Every line of the material below, from the top through the line with "settings Model: ModifiedHistory=|", should be reproduced exactly.

────────────────────

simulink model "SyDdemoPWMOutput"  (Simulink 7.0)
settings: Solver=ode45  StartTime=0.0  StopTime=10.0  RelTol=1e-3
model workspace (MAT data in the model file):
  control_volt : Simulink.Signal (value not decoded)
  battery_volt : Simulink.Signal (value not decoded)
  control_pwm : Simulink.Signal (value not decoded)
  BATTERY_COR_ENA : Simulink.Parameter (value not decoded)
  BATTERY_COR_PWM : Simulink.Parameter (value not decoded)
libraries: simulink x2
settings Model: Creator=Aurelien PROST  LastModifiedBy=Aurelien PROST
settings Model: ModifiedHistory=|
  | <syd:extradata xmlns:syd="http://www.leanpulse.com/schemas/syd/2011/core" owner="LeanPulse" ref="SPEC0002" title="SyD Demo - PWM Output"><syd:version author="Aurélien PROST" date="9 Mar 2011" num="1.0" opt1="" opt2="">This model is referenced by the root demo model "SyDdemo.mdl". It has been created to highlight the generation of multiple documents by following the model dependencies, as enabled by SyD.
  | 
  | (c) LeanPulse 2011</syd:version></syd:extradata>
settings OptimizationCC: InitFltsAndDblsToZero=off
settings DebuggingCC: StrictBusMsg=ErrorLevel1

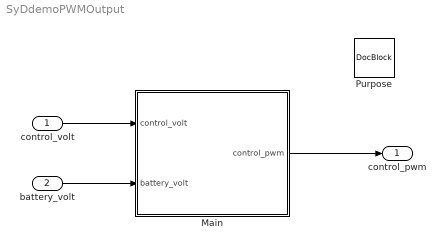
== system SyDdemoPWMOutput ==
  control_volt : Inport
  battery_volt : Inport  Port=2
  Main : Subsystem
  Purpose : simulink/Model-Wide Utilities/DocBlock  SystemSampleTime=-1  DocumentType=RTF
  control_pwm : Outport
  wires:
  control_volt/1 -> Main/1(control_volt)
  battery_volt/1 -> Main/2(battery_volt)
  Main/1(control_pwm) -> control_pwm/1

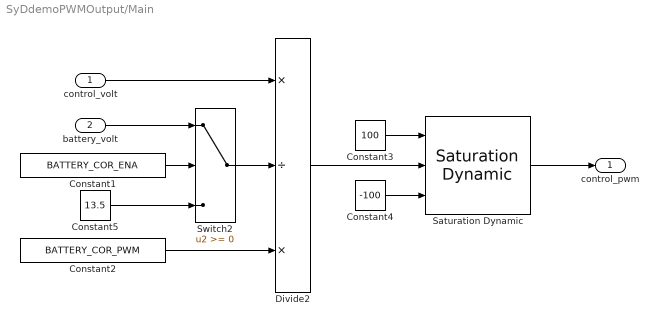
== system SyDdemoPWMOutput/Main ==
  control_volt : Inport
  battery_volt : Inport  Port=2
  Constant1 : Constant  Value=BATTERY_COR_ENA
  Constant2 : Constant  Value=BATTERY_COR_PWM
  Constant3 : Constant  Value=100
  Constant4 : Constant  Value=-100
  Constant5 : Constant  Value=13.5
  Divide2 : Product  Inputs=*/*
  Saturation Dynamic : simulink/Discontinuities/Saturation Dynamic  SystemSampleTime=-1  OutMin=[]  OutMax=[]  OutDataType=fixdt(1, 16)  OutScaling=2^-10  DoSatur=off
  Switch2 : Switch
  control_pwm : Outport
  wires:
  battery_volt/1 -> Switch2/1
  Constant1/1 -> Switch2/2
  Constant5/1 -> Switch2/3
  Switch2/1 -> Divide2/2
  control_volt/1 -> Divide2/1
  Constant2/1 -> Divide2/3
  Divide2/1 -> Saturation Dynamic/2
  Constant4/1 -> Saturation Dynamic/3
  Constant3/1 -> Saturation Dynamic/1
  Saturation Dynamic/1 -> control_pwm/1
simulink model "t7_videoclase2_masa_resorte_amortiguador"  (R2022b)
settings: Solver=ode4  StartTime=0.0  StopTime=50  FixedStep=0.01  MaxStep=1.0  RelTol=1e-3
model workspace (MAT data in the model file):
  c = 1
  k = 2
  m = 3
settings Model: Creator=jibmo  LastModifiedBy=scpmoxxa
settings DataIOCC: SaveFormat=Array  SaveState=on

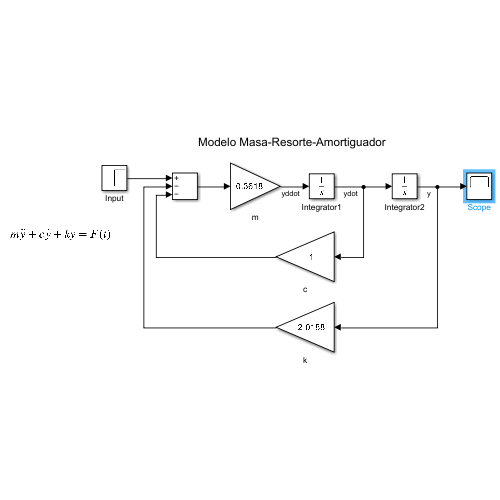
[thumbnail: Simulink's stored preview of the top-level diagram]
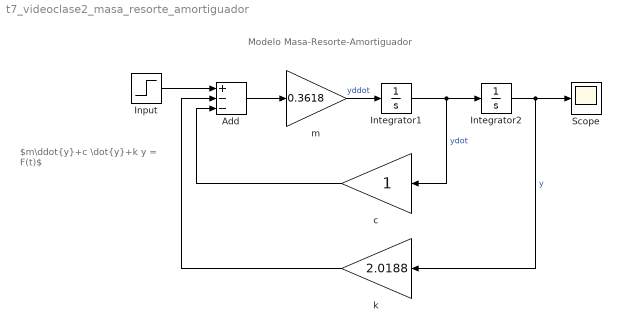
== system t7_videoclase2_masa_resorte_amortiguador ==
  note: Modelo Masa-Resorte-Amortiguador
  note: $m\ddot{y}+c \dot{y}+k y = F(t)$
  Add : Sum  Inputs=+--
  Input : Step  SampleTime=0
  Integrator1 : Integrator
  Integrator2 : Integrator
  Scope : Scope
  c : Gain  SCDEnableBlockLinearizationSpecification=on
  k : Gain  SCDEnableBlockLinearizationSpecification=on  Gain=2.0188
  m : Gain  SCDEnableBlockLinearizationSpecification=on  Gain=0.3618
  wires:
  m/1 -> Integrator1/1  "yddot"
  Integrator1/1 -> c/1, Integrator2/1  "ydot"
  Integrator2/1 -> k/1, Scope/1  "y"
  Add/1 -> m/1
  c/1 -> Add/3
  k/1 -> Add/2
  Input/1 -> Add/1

────────────────────

(The completed task):
simulink model "SyDdemoPWMOutput"  (Simulink 7.0)
settings: Solver=ode45  StartTime=0.0  StopTime=10.0  RelTol=1e-3
model workspace (MAT data in the model file):
  control_volt : Simulink.Signal (value not decoded)
  battery_volt : Simulink.Signal (value not decoded)
  control_pwm : Simulink.Signal (value not decoded)
  BATTERY_COR_ENA : Simulink.Parameter (value not decoded)
  BATTERY_COR_PWM : Simulink.Parameter (value not decoded)
libraries: simulink x2
settings Model: Creator=Aurelien PROST  LastModifiedBy=Aurelien PROST
settings Model: ModifiedHistory=|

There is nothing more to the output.